The growth and success of these programs, with total outstanding loans now topping $2 billion, is attracting the interest of college-bound members nationwide. It has also gained the recent attention of the NCUA.
Manage your student-loan portfolio well, and your investments in education will pay off in terms of future prosperity for your members and for your credit union. — NCUA Chairman Debbie Matz, September 2014
In a September 2014 NCUA Report, Chairman Debbie Matz reiterated her support of private student lending in the aptly named article, “Credit Unions Help Students Go Back to School.” Matz correctly points out that student lending is not only a potentially promising opportunity for credit unions to establish long-term relationships with young adults at an early stage in their financial life, but also gives credit unions a chance to diversify loan portfolios.
As one would expect from the chief regulator, Matz also shares best practices, giving credit unions a helpful road map for how to manage their student lending program. These practices align closely with many of the items outlined in the NCUA letter that was issued to credit unions in December 2013 regarding supervisory guidance of private student lending. Check out the article below that originally ran on March 12, 2014, to apprise yourself of the key takeaways.
An NCUA supervisory letter to credit unions (LCU2013-15) notes the value of offering safe and sound student lending programs; namely, as related to member service and revenue potential. The NCUA’s letter makes three things crystal clear regarding student lending programs:
The letter also provided guidance to credit unions offering these loans, including the need to distinguish them as direct or indirect lending programs — an important factor to consider, especially when third parties play a key role in the process.
In most cases, a direct-lending strategy may better address regulatory concerns. Fortunately, there are third-party providers that specialize in a “direct” approach. Credit unions don’t have to go it alone.
By initiating a direct-lending program through an outside provider, credit unions broaden their resources and knowledge base. The lending partner provides valuable guidance and operational support, but the credit union retains control over all key lending decisions. Alternatively, in the case of an indirect-lending program, the provider establishes the loan criteria and makes the credit decisions, which the credit union contractually agrees to accept.
From a regulatory standpoint, it’s important for credit unions to preserve a variety of key responsibilities and controls related to their student lending program. Through third-party due diligence and in accordance with NCUA guidelines, they should determine the extent of their roles and responsibilities in the following areas:
A program’s loan policy dictates the overall structure of the program; e.g., underwriting standards, loan terms, limits on loan types in the portfolio, and collection requirements. For instance, best practices suggest student lenders should establish policies that place limits on the amount and quantity of loans approved, certify the borrower’s school expenses through the school’s financial aid office, and issue loan funds directly to the respective college or university. The credit union must determine its level of participation and involvement in developing and administering the program’s lending policy.
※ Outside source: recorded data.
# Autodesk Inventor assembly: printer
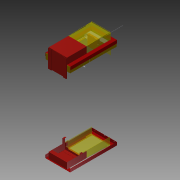
[picture p0: Inventor's stored thumbnail of the model, 180x180]
Saved by Autodesk Inventor 2014 SP2 (Build 180246200, 246)
## iProperties
Created: 2016-05-06
Part Number: printer
Document SubType Name: Assembly
Designer: cruiser
Author: cruiser
## Documents named in this file (20)
- C:\Users\cruiser\Desktop\models\3d printers\laserresin4\printer.iam
- C:\Users\cruiser\Desktop\models\3d printers\laserresin4\crane.ipt
- C:\Users\cruiser\Desktop\models\3d printers\laserresin4\carrier.ipt
- C:\Users\cruiser\Desktop\models\3d printers\laserresin4\reservoir.ipt
- C:\Users\cruiser\Desktop\models\3d printers\laserresin4\frame_inner.ipt
- C:\Users\cruiser\Desktop\models\3d printers\laserresin4\frame_lower.ipt
- C:\Users\cruiser\Desktop\models\3d printers\laserresin4\frame_face.ipt
- C:\Users\cruiser\Desktop\models\3d printers\laserresin4\door_assembly.iam
- C:\Users\cruiser\Desktop\models\3d printers\laserresin4\visor.ipt
- C:\Users\cruiser\Desktop\models\3d printers\laserresin4\frame_feet.ipt
- C:\Users\cruiser\Desktop\models\3d printers\laserresin4\bed.ipt
- C:\Users\cruiser\Desktop\models\3d printers\laserresin4\nema17.ipt
- C:\Users\cruiser\Desktop\models\3d printers\laserresin4\m8_rail.ipt
- C:\Users\cruiser\Desktop\models\3d printers\laserresin4\shf8.ipt
- C:\Users\cruiser\Desktop\models\3d printers\laserresin4\lmk8luu.ipt
- C:\Users\cruiser\Desktop\models\3d printers\laserresin4\tray.ipt
- C:\Users\cruiser\Desktop\models\3d printers\laserresin4\threaded_rod.ipt
- C:\Users\cruiser\Desktop\models\3d printers\laserresin4\subframe.ipt
- C:\Users\cruiser\Desktop\models\3d printers\laserresin4\laserholder.ipt
- C:\Users\cruiser\Desktop\models\3d printers\laserresin4\laserresin4.xlsx
## Components (25 placed, 18 different names)
1. crane:1 — Mate:1, Mate:2, Mate:16, Mate:28, Mate:29, Mate:30, Mate:33, Mate:34, Mate:46, Mate:47, Mate:48, Mate:49, Mate:50, Mate:51
2. carrier:1 — Mate:1, Mate:2, Mate:5, Mate:6, Mate:7, Mate:8, Mate:9, Mate:10, Mate:13, Mate:44, Mate:45, Mate:52, Mate:53, Mate:58, Mate:63, Mate:64
3. reservoir:1 — Mate:52, Mate:53, Mate:54, Mate:58, Mate:60, Mate:61
4. frame_inner:1 — Mate:3, Flush:1, Mate:4, Flush:2, Mate:8, Mate:9, Mate:10, Mate:14, Mate:19, Mate:21, Mate:31, Mate:32, Mate:37, Mate:38, Flush:3, Flush:4, Mate:39
5. frame_lower:1 — Mate:5, Mate:6, Mate:7, Mate:11, Mate:35, Mate:36, Mate:40, Mate:41, Mate:72, Mate:73, Mate:74
6. frame_face:1 — Mate:21, Flush:5
7. frame_face:2 — Mate:14, Mate:19, Mate:37, Flush:5, Mate:65
8. door_assembly:1 [sub-assembly] — Mate:13, Mate:18, Mate:65
9. visor:1 — Mate:3, Flush:1, Mate:32
10. visor:2 — Mate:4, Flush:2, Mate:31
11. frame_feet:1 — Mate:11, Mate:18, Mate:35, Mate:36, Mate:62
12. bed:1 — Mate:16, Mate:33, Mate:34, Mate:59
13. nema17:1 — Mate:28, Mate:29, Mate:30, Mate:56, Mate:57
14. m8_rail:1 — Mate:38, Flush:3, Mate:43
15. m8_rail:2 — Flush:4, Mate:39, Mate:42
16. shf8:1 — Mate:40, Mate:42, Mate:44
17. shf8:2 — Mate:41, Mate:43, Mate:45
18. lmk8luu:1 — Mate:46, Mate:48, Mate:50
19. lmk8luu:2 — Mate:47, Mate:49, Mate:51
20. tray:1 — Mate:54, Mate:59, Mate:60, Mate:61
21. threaded_rod:1 — Mate:56, Mate:57
22. door_assembly:2 [sub-assembly] — Mate:62, Mate:63, Mate:64
23. subframe:1 — Mate:66, Mate:67, Mate:68, Mate:69, Mate:70, Mate:71, Mate:72, Mate:73, Mate:74
24. laserholder:1 — Mate:66, Mate:68, Mate:69
25. laserholder:2 — Mate:67, Mate:70, Mate:71
## Relationships (68: Mate 63, Flush 5)
- Mate:1: crane:1 ↔ carrier:1
- Mate:2: crane:1 ↔ carrier:1
- Mate:3: frame_inner:1 ↔ visor:1
- Flush:1: frame_inner:1 ↔ visor:1
- Mate:4: frame_inner:1 ↔ visor:2
- Flush:2: frame_inner:1 ↔ visor:2
- Mate:5: carrier:1 ↔ frame_lower:1
- Mate:6: carrier:1 ↔ frame_lower:1
- Mate:7: carrier:1 ↔ frame_lower:1
- Mate:8: carrier:1 ↔ frame_inner:1
- Mate:9: carrier:1 ↔ frame_inner:1
- Mate:10: carrier:1 ↔ frame_inner:1
- Mate:11: frame_lower:1 ↔ frame_feet:1
- Mate:13: carrier:1 ↔ door_assembly:1
- Mate:14: frame_inner:1 ↔ frame_face:2
- Mate:16: crane:1 ↔ bed:1
- Mate:18: door_assembly:1 ↔ frame_feet:1
- Mate:19: frame_inner:1 ↔ frame_face:2
- Mate:21: frame_inner:1 ↔ frame_face:1
- Mate:28: crane:1 ↔ nema17:1
- Mate:29: crane:1 ↔ nema17:1
- Mate:30: crane:1 ↔ nema17:1
- Mate:31: frame_inner:1 ↔ visor:2
- Mate:32: frame_inner:1 ↔ visor:1
- Mate:33: crane:1 ↔ bed:1
- Mate:34: crane:1 ↔ bed:1
- Mate:35: frame_lower:1 ↔ frame_feet:1
- Mate:36: frame_lower:1 ↔ frame_feet:1
- Mate:37: frame_inner:1 ↔ frame_face:2
- Mate:38: frame_inner:1 ↔ m8_rail:1
- Flush:3: frame_inner:1 ↔ m8_rail:1
- Flush:4: frame_inner:1 ↔ m8_rail:2
- Mate:39: frame_inner:1 ↔ m8_rail:2
- Mate:40: frame_lower:1 ↔ shf8:1
- Mate:41: frame_lower:1 ↔ shf8:2
- Mate:42: m8_rail:2 ↔ shf8:1
- Mate:43: m8_rail:1 ↔ shf8:2
- Mate:44: carrier:1 ↔ shf8:1
- Mate:45: carrier:1 ↔ shf8:2
- Mate:46: crane:1 ↔ lmk8luu:1
- Mate:47: crane:1 ↔ lmk8luu:2
- Mate:48: crane:1 ↔ lmk8luu:1
- Mate:49: crane:1 ↔ lmk8luu:2
- Mate:50: crane:1 ↔ lmk8luu:1
- Mate:51: crane:1 ↔ lmk8luu:2
- Mate:52: carrier:1 ↔ reservoir:1
- Mate:53: carrier:1 ↔ reservoir:1
- Mate:54: reservoir:1 ↔ tray:1
- Mate:56: nema17:1 ↔ threaded_rod:1
- Mate:57: nema17:1 ↔ threaded_rod:1
- Mate:58: carrier:1 ↔ reservoir:1
- Mate:59: bed:1 ↔ tray:1
- Mate:60: reservoir:1 ↔ tray:1
- Mate:61: reservoir:1 ↔ tray:1
- Mate:62: frame_feet:1 ↔ door_assembly:2
- Mate:63: carrier:1 ↔ door_assembly:2
- Mate:64: carrier:1 ↔ door_assembly:2
- Flush:5: frame_face:1 ↔ frame_face:2
- Mate:65: frame_face:2 ↔ door_assembly:1
- Mate:66: subframe:1 ↔ laserholder:1
- Mate:67: subframe:1 ↔ laserholder:2
- Mate:68: subframe:1 ↔ laserholder:1
- Mate:69: subframe:1 ↔ laserholder:1
- Mate:70: subframe:1 ↔ laserholder:2
- Mate:71: subframe:1 ↔ laserholder:2
- Mate:72: frame_lower:1 ↔ subframe:1
- Mate:73: frame_lower:1 ↔ subframe:1
- Mate:74: frame_lower:1 ↔ subframe:1
## Named parameters: sm_thickness = 1.5875 mm, very_thick_acrylic = 9.45 mm, thick_acrylic = 5.88 mm, thin_acrylic = 3.15 mm, clear_acrylic = 3.15 mm, wood_thickness = 6.72 mm, m3_diameter = 3 mm, m4_diameter = 4 mm, m5_diameter = 5 mm, brass_insert_drill = 4 mm, m5_brass_insert_drill = 6.7 mm, m3_main_length = 14 mm, m3_main_nut_width = 5.7 mm, m3_main_nut_thickness = 2.5 mm, m3_main_extra = 1 mm, stepper_screw_space = 35 mm, stepper_shaft_diameter = 5 mm, stepper_body_diameter = 28 mm, laser_body_length = 40 mm, laser_body_diameter = 12 mm, carrier_x = 350 mm, carrier_y = 251 mm, carrier_z = 12 mm, visor_x = 257.3 mm, visor_y = 111.0625 mm, visor_overlap = 20 mm, protection_slot_length = 80 mm, protection_slot_width = 10 mm, window_z = 333.9125 mm, window_y = 92.0625 mm, window_overlap = 48 mm, acrylic_into_frame = 5 mm, door_x = 251 mm, door_z = 333.9125 mm, door_overlap = 48 mm, reservoir_x = 201 mm, reservoir_y = 201 mm, reservoir_z = 40 mm, reservoir_overlap = 20 mm, linear_bearing_spacing = 271 mm, linear_bearing_z = 400 mm, threaded_rod_z = 300 mm, motor_spacing = 337 mm, tray_border = 25 mm, tray_x = 251 mm, tray_y = 251 mm, bed_x = 150 mm, bed_y = 150 mm, bed_z = 25 mm, bed_z2 = 80 mm, stopper_diameter = 10 mm, crane_x = 330 mm, crane_y = 70 mm, crane_z = 60 mm, crane_z2 = 12 mm, end_stop_offset_x = 50 mm, end_stop_spacing = 19 mm, thumb_nut_offset_y = 0 mm, thumb_nut_diameter = 7 mm, z_min_from_center = 115 mm, frame_top_z = 385 mm, frame_bottom_z = 275 mm, frame_total_z = 661.5875 mm, frame_y = 80 mm, frame_z = 300 mm, frame_border = 46.35 mm, frame_foot_z = 12 mm, frame_tilt = 1 deg, bracket_z = 30 mm, printer_z = 289 mm, printer_from_bottom = 200 mm, middle_frame_from_bottom = 150 mm, lcd_x = 72 mm, lcd_y = 25 mm, subframe_x = 343 mm, subframe_z = 60 mm, subframe_y_offset = 27.5 mm, laser_y_offset = 19.4 mm, laser_diameter = 12 mm, laser_z_offset = 55 mm, laser_y = 15 mm, laser_z = 75 mm, laser_x = 30 mm, t_galvo_frame = 6.72 mm, galvo_frame_x = 66 mm, galvo_frame_z = 65 mm, galvo_frame_y_offset = 27.5 mm, drawer_x = 257.3 mm, drawer_y = 88.65 mm, drawer_z = 278.175 mm, drawer_z_from_bottom = 25 mm, nema17_l = 60 mm, nema17_x = 43 mm, m3_press_nut_drill = 4.5 mm, m3_head = 6 mm, m5_head = 10 mm, m5_press_nut_drill = 6.5 mm, drawer_support_from_top = 48 mm, drawer_support_overlap = 40 mm, laser_gap = 1 mm, frame_screw_from_center = 25 mm, galvo_frame_y = 20 mm, frame_magnet_offset = 20 mm, magnet_z = 50 mm, drawer_screw_z = 145 mm, drawer_screw_from_center = 54 mm, frame_face_y = 44 mm, magnet_screw_spacing = 30 mm, magnet_screw_from_edge = 10 mm, switch_spacing = 19 mm, subframe_y = 55 mm

Sound underwriting is critical because student lending involves certain risks — the ability to repay loans is greatly influenced by borrowers’ graduation rates, employment prospects, and future income potential. In addition, there are many consumer-lending regulations and various state laws and requirements that must be followed, as well as disclosures to be provided. It’s important that credit unions work with providers that are fully compliant and knowledgeable regarding all applicable laws. The credit union should have the ability to customize its underwriting guidelines to meet specific needs and markets, and have full access to the loan origination and servicing platforms of its third-party provider.
Different student-lending needs and situations will require different loan options and rates — some programs offer loans as lines of credit; others offer closed, fixed-rates loans. Repayment options vary as well: full-deferment, interest-only, or graduated payments. The credit union must work with third parties that offer consulting and training to help determine and monitor their appropriate loan limits. While outside providers can do much of the program’s heavy lifting — origination, processing, servicing — the credit union needs to retain internal controls for setting rates, determining funding limits and monitoring portfolio performance.
Credit unions’ marketing staffs know their members better than anyone. While many third-party providers offer valuable resources, such as marketing templates and messaging to help get the word out to members, they should provide the ability for customization to reflect a credit union’s unique voice, personality, and loan specifics. Marketing staff can work in partnership with third-party providers to maximize promotional efforts. By focusing on organic marketing approaches that yield borrowers from within their existing field of membership, credit unions are establishing the foundation for genuine long-term member relationships.
As college costs continue to rise, so does the need for fair-value funding options. Credit unions have an excellent opportunity to provide members with vital funding assistance. The NCUA recognizes the value of these efforts, including the important role of third-party providers. But understanding and retaining control of these vendor partnerships is critical to the program’s success.
This article originally ran on CreditUnions.com on March 12, 2014.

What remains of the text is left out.